• **WORK TO COMPLETE**:
Your reply should reproduce each entry exactly and contain no pictures.

- - - - -

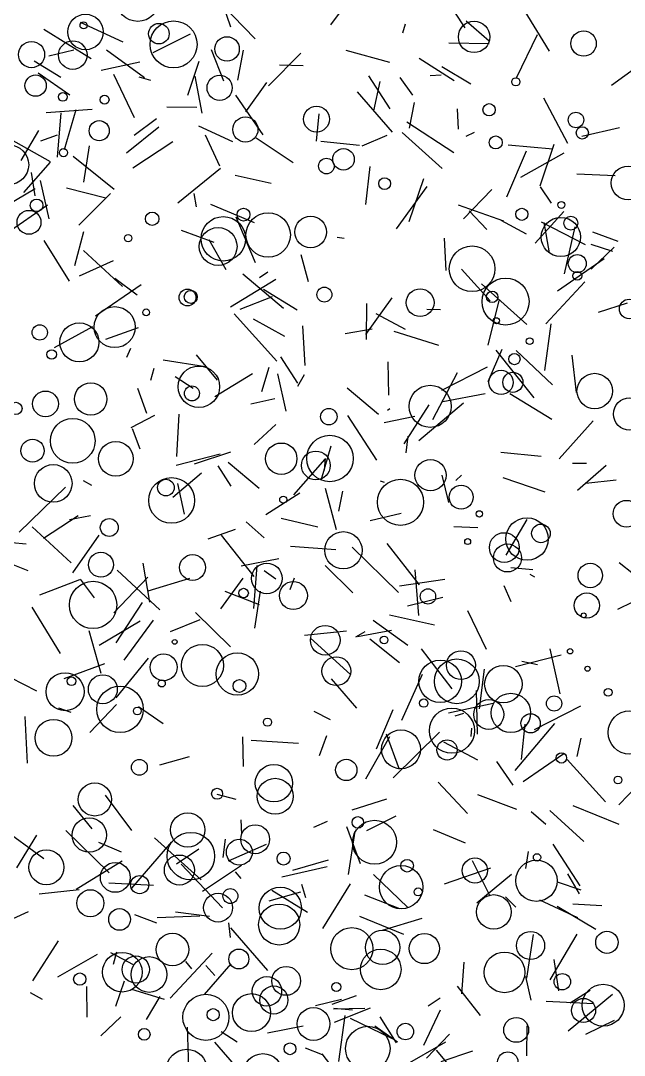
# Model space of a CAD drawing. Header units: millimetres. Extents: x -15 to 2017, y -16 to 2019.
# Drawn here: x 1556.1 to 1810.2, y 1297.8 to 1733.7 of the extents above; entities that cross this region are included whole.
import ezdxf

# ---------------------------------------------------------------- set-up
doc = ezdxf.new("R2010")
doc.units = ezdxf.units.MM

msp = doc.modelspace()

# ---------------------------------------------------------------- linework, layer by layer
at = {"color": 168}
for p, q in [((1699.81, 1749.99), (1686.54, 1731.88)), ((1709.18, 1539.13), (1707.49, 1539.71)), ((1776.89, 1535.12), (1759.18, 1541.15))]:
    msp.add_line(p, q, dxfattribs=at)
at = {"color": 163}
for p, q in [((1743.26, 1730.7), (1731.71, 1748.17)), ((1567.97, 1718.87), (1578.42, 1721.45)), ((1638.94, 1582.28), (1630.03, 1592.98))]:
    msp.add_line(p, q, dxfattribs=at)
at = {"color": 131}
for p, q in [((1654.79, 1725.99), (1640.78, 1740.51)), ((1622.72, 1567.89), (1621.65, 1550.02)), ((1644.63, 1537.52), (1639.17, 1546.19)), ((1695.78, 1316.81), (1687.85, 1317.52))]:
    msp.add_line(p, q, dxfattribs=at)
at = {"color": 244}
for p, q in [((1640.99, 1740.97), (1644.47, 1731.1)), ((1760.45, 1508.5), (1769.25, 1523.51)), ((1627.2, 1498.69), (1609.59, 1493.39)), ((1693.21, 1394.25), (1698.94, 1378.62))]:
    msp.add_line(p, q, dxfattribs=at)
at = {"color": 101}
for p, q in [((1766.8, 1740.02), (1778.56, 1720.9)), ((1796.04, 1639.58), (1805.26, 1636.57))]:
    msp.add_line(p, q, dxfattribs=at)
at = {"color": 141}
for p, q in [((1599.2, 1724.69), (1581.33, 1732.9)), ((1556.34, 1674.82), (1563.69, 1687.49))]:
    msp.add_line(p, q, dxfattribs=at)
at = {"color": 49}
msp.add_line((1716.94, 1728.64), (1718.09, 1732.43), dxfattribs=at)
at = {"color": 121}
for p, q in [((1743.66, 1733.61), (1753.3, 1725.14)), ((1640.53, 1516.88), (1654.26, 1499.48))]:
    msp.add_line(p, q, dxfattribs=at)
at = {"color": 91}
for p, q in [((1565.88, 1730.06), (1585.74, 1717.7)), ((1677.24, 1623.65), (1674.22, 1635.04)), ((1736.18, 1442.12), (1754.92, 1446.14))]:
    msp.add_line(p, q, dxfattribs=at)
at = {"color": 239}
for p, q in [((1611.88, 1720.31), (1627.63, 1728.12)), ((1802.27, 1404.65), (1786.13, 1422.49))]:
    msp.add_line(p, q, dxfattribs=at)
at = {"color": 236}
for p, q in [((1764.77, 1709.63), (1773.7, 1727.88)), ((1617.59, 1697.42), (1630.24, 1697.25))]:
    msp.add_line(p, q, dxfattribs=at)
at = {"color": 241}
for p, q in [((1582.6, 1722.94), (1581.97, 1723.92)), ((1693.49, 1579.07), (1706.7, 1567.96)), ((1730.23, 1479.01), (1711.28, 1483.26)), ((1571.66, 1330.93), (1588.45, 1340.48))]:
    msp.add_line(p, q, dxfattribs=at)
at = {"color": 181}
for p, q in [((1753.24, 1723.97), (1736.3, 1724.15)), ((1602.27, 1595.52), (1600.64, 1591.81))]:
    msp.add_line(p, q, dxfattribs=at)
at = {"color": 64}
for p, q in [((1592.24, 1721.41), (1608.2, 1709.81)), ((1603.29, 1671.68), (1620.18, 1682.75))]:
    msp.add_line(p, q, dxfattribs=at)
at = {"color": 230}
for p, q in [((1641.65, 1708.25), (1636.46, 1721.42)), ((1695.69, 1401.26), (1710.25, 1405.89))]:
    msp.add_line(p, q, dxfattribs=at)
at = {"color": 45}
for p, q in [((1649.74, 1721.23), (1647.29, 1708.7)), ((1790.51, 1535.86), (1802.55, 1546.43))]:
    msp.add_line(p, q, dxfattribs=at)
at = {"color": 188}
for p, q in [((1660.42, 1706.2), (1673.98, 1720.02)), ((1586.1, 1537.92), (1582.51, 1539.86)), ((1588.91, 1516.92), (1577.9, 1501.04))]:
    msp.add_line(p, q, dxfattribs=at)
at = {"color": 242}
for p, q in [((1692.96, 1721.34), (1711.38, 1716.28)), ((1663.51, 1624.63), (1644.43, 1612.93)), ((1705.99, 1548.61), (1693.76, 1567.29))]:
    msp.add_line(p, q, dxfattribs=at)
at = {"color": 126}
for p, q in [((1738.58, 1708.42), (1723.79, 1717.83)), ((1697.69, 1703.74), (1712.47, 1686.74))]:
    msp.add_line(p, q, dxfattribs=at)
at = {"color": 23}
for p, q in [((1804.8, 1706.59), (1822.72, 1719.62)), ((1580.9, 1626.14), (1595.14, 1632.62)), ((1712.28, 1616.89), (1701.22, 1601.52))]:
    msp.add_line(p, q, dxfattribs=at)
at = {"color": 48}
for p, q in [((1573.05, 1709.72), (1561.81, 1716.69)), ((1723.74, 1556.86), (1742.55, 1572.76)), ((1656.91, 1493.38), (1654.54, 1477.83)), ((1577.32, 1442.25), (1572.08, 1443.99))]:
    msp.add_line(p, q, dxfattribs=at)
at = {"color": 18}
for p, q in [((1589.92, 1712.88), (1606.26, 1716.35)), ((1563.43, 1711.71), (1576.81, 1702.48)), ((1629.35, 1710.37), (1632.3, 1694.75)), ((1769.14, 1330.3), (1771.9, 1348.77))]:
    msp.add_line(p, q, dxfattribs=at)
at = {"color": 39}
for p, q in [((1626.5, 1702.35), (1631.21, 1716.69)), ((1704.05, 1603.72), (1692.69, 1601.82)), ((1686.49, 1439.17), (1679.6, 1442.7))]:
    msp.add_line(p, q, dxfattribs=at)
at = {"color": 160}
for p, q in [((1665.01, 1715.05), (1674.95, 1714.82)), ((1549.94, 1505.67), (1559.12, 1502.08)), ((1618.98, 1321.82), (1636.62, 1340.9))]:
    msp.add_line(p, q, dxfattribs=at)
at = {"color": 212}
for p, q in [((1745.52, 1707), (1733.38, 1714.28)), ((1711.44, 1570.19), (1710.54, 1569.45)), ((1748.46, 1433.14), (1747.99, 1451.5))]:
    msp.add_line(p, q, dxfattribs=at)
at = {"color": 84}
for p, q in [((1595.2, 1711.17), (1603.89, 1692.88)), ((1602.94, 1368.28), (1619.78, 1387.68))]:
    msp.add_line(p, q, dxfattribs=at)
at = {"color": 7}
for p, q in [((1610.86, 1708.46), (1605.95, 1709.85)), ((1769.2, 1310.17), (1769.02, 1297.6))]:
    msp.add_line(p, q, dxfattribs=at)
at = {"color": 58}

- - - - -

• **RESPONSE TO THE EXERCISE**:
# Model space of a CAD drawing. Header units: millimetres. Extents: x -15 to 2017, y -16 to 2019.
# Drawn here: x 1556.1 to 1810.2, y 1297.8 to 1733.7 of the extents above; entities that cross this region are included whole.
import ezdxf

# ---------------------------------------------------------------- set-up
doc = ezdxf.new("R2010")
doc.units = ezdxf.units.MM

msp = doc.modelspace()

# ---------------------------------------------------------------- linework, layer by layer
at = {"color": 168}
for p, q in [((1699.81, 1749.99), (1686.54, 1731.88)), ((1709.18, 1539.13), (1707.49, 1539.71)), ((1776.89, 1535.12), (1759.18, 1541.15))]:
    msp.add_line(p, q, dxfattribs=at)
at = {"color": 163}
for p, q in [((1743.26, 1730.7), (1731.71, 1748.17)), ((1567.97, 1718.87), (1578.42, 1721.45)), ((1638.94, 1582.28), (1630.03, 1592.98))]:
    msp.add_line(p, q, dxfattribs=at)
at = {"color": 131}
for p, q in [((1654.79, 1725.99), (1640.78, 1740.51)), ((1622.72, 1567.89), (1621.65, 1550.02)), ((1644.63, 1537.52), (1639.17, 1546.19)), ((1695.78, 1316.81), (1687.85, 1317.52))]:
    msp.add_line(p, q, dxfattribs=at)
at = {"color": 244}
for p, q in [((1640.99, 1740.97), (1644.47, 1731.1)), ((1760.45, 1508.5), (1769.25, 1523.51)), ((1627.2, 1498.69), (1609.59, 1493.39)), ((1693.21, 1394.25), (1698.94, 1378.62))]:
    msp.add_line(p, q, dxfattribs=at)
at = {"color": 101}
for p, q in [((1766.8, 1740.02), (1778.56, 1720.9)), ((1796.04, 1639.58), (1805.26, 1636.57))]:
    msp.add_line(p, q, dxfattribs=at)
at = {"color": 141}
for p, q in [((1599.2, 1724.69), (1581.33, 1732.9)), ((1556.34, 1674.82), (1563.69, 1687.49))]:
    msp.add_line(p, q, dxfattribs=at)
at = {"color": 49}
msp.add_line((1716.94, 1728.64), (1718.09, 1732.43), dxfattribs=at)
at = {"color": 121}
for p, q in [((1743.66, 1733.61), (1753.3, 1725.14)), ((1640.53, 1516.88), (1654.26, 1499.48))]:
    msp.add_line(p, q, dxfattribs=at)
at = {"color": 91}
for p, q in [((1565.88, 1730.06), (1585.74, 1717.7)), ((1677.24, 1623.65), (1674.22, 1635.04)), ((1736.18, 1442.12), (1754.92, 1446.14))]:
    msp.add_line(p, q, dxfattribs=at)
at = {"color": 239}
for p, q in [((1611.88, 1720.31), (1627.63, 1728.12)), ((1802.27, 1404.65), (1786.13, 1422.49))]:
    msp.add_line(p, q, dxfattribs=at)
at = {"color": 236}
for p, q in [((1764.77, 1709.63), (1773.7, 1727.88)), ((1617.59, 1697.42), (1630.24, 1697.25))]:
    msp.add_line(p, q, dxfattribs=at)
at = {"color": 241}
for p, q in [((1582.6, 1722.94), (1581.97, 1723.92)), ((1693.49, 1579.07), (1706.7, 1567.96)), ((1730.23, 1479.01), (1711.28, 1483.26)), ((1571.66, 1330.93), (1588.45, 1340.48))]:
    msp.add_line(p, q, dxfattribs=at)
at = {"color": 181}
for p, q in [((1753.24, 1723.97), (1736.3, 1724.15)), ((1602.27, 1595.52), (1600.64, 1591.81))]:
    msp.add_line(p, q, dxfattribs=at)
at = {"color": 64}
for p, q in [((1592.24, 1721.41), (1608.2, 1709.81)), ((1603.29, 1671.68), (1620.18, 1682.75))]:
    msp.add_line(p, q, dxfattribs=at)
at = {"color": 230}
for p, q in [((1641.65, 1708.25), (1636.46, 1721.42)), ((1695.69, 1401.26), (1710.25, 1405.89))]:
    msp.add_line(p, q, dxfattribs=at)
at = {"color": 45}
for p, q in [((1649.74, 1721.23), (1647.29, 1708.7)), ((1790.51, 1535.86), (1802.55, 1546.43))]:
    msp.add_line(p, q, dxfattribs=at)
at = {"color": 188}
for p, q in [((1660.42, 1706.2), (1673.98, 1720.02)), ((1586.1, 1537.92), (1582.51, 1539.86)), ((1588.91, 1516.92), (1577.9, 1501.04))]:
    msp.add_line(p, q, dxfattribs=at)
at = {"color": 242}
for p, q in [((1692.96, 1721.34), (1711.38, 1716.28)), ((1663.51, 1624.63), (1644.43, 1612.93)), ((1705.99, 1548.61), (1693.76, 1567.29))]:
    msp.add_line(p, q, dxfattribs=at)
at = {"color": 126}
for p, q in [((1738.58, 1708.42), (1723.79, 1717.83)), ((1697.69, 1703.74), (1712.47, 1686.74))]:
    msp.add_line(p, q, dxfattribs=at)
at = {"color": 23}
for p, q in [((1804.8, 1706.59), (1822.72, 1719.62)), ((1580.9, 1626.14), (1595.14, 1632.62)), ((1712.28, 1616.89), (1701.22, 1601.52))]:
    msp.add_line(p, q, dxfattribs=at)
at = {"color": 48}
for p, q in [((1573.05, 1709.72), (1561.81, 1716.69)), ((1723.74, 1556.86), (1742.55, 1572.76)), ((1656.91, 1493.38), (1654.54, 1477.83)), ((1577.32, 1442.25), (1572.08, 1443.99))]:
    msp.add_line(p, q, dxfattribs=at)
at = {"color": 18}
for p, q in [((1589.92, 1712.88), (1606.26, 1716.35)), ((1563.43, 1711.71), (1576.81, 1702.48)), ((1629.35, 1710.37), (1632.3, 1694.75)), ((1769.14, 1330.3), (1771.9, 1348.77))]:
    msp.add_line(p, q, dxfattribs=at)
at = {"color": 39}
for p, q in [((1626.5, 1702.35), (1631.21, 1716.69)), ((1704.05, 1603.72), (1692.69, 1601.82)), ((1686.49, 1439.17), (1679.6, 1442.7))]:
    msp.add_line(p, q, dxfattribs=at)
at = {"color": 160}
for p, q in [((1665.01, 1715.05), (1674.95, 1714.82)), ((1549.94, 1505.67), (1559.12, 1502.08)), ((1618.98, 1321.82), (1636.62, 1340.9))]:
    msp.add_line(p, q, dxfattribs=at)
at = {"color": 212}
for p, q in [((1745.52, 1707), (1733.38, 1714.28)), ((1711.44, 1570.19), (1710.54, 1569.45)), ((1748.46, 1433.14), (1747.99, 1451.5))]:
    msp.add_line(p, q, dxfattribs=at)
at = {"color": 84}
for p, q in [((1595.2, 1711.17), (1603.89, 1692.88)), ((1602.94, 1368.28), (1619.78, 1387.68))]:
    msp.add_line(p, q, dxfattribs=at)
at = {"color": 7}
for p, q in [((1610.86, 1708.46), (1605.95, 1709.85)), ((1769.2, 1310.17), (1769.02, 1297.6))]:
    msp.add_line(p, q, dxfattribs=at)
at = {"color": 58}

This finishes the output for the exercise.